The troublesome part of this problem is not always an infinite loop, and depending on the data, books.id> # {last users.id} may happen to be specified nicely and complete like that. There is. In that case, it will not be an error, but it will be a bug that is hard to notice that the data is slightly strange, so it may be better to make it an infinite loop.

How to fix

In the case of the above example, if you do not narrow down the acquisition column with select, books.id will also be acquired, so it will work correctly. Even if you narrow down the acquisition column with select, it will work correctly if you also acquire books.id properly as shown below.
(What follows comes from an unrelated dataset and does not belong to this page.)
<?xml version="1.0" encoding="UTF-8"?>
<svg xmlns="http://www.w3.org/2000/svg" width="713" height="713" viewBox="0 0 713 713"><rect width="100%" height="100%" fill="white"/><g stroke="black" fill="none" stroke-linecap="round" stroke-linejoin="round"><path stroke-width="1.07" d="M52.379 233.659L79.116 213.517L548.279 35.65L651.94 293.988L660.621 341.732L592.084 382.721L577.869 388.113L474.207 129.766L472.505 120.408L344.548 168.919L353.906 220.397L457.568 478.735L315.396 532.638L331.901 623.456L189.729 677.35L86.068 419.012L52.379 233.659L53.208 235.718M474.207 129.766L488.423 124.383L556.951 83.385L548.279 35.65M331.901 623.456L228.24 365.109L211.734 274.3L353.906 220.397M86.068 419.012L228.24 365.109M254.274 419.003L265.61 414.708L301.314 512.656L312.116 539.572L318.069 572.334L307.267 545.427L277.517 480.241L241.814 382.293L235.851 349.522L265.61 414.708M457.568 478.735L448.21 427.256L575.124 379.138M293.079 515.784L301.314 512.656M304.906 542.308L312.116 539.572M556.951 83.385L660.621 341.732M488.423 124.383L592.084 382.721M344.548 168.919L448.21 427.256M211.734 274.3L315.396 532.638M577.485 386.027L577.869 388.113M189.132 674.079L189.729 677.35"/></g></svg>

Book.joins(:user).select('books.id AS id, users.id AS user_id, books.title').find_each do |book|
  p "user_id: #{book.user_id}, title: #{book.title}"
end

If you fix it as above, the fix is complete, but I think the problem this time was that there was no automated test. There was a test that passed the corresponding process, but I didn't write a test that loops find_each more than 2 times. If you have a test, you're likely to have noticed the bug as it loops infinitely or gives strange results. With this as a trigger, I also added a test where find_each loops more than 2 times.

Summary

Even if you understand the mechanism of find_each correctly, it is difficult to notice this bug just by checking it on the desk such as code review. In addition, it is a rare process that the number of cases exceeds 1000, and the unit of 1000 is just a matter of program, so it was hidden as a potential bug for a while without being noticed even in a black box operation test.

Thinking about how I should have noticed this in advance, I thought that I had to do a test in which find_each loops 2 in a white box test. It's a waste to run a white-box test manually for one time, so it's a good idea to write an automated test so that it can be verified continuously.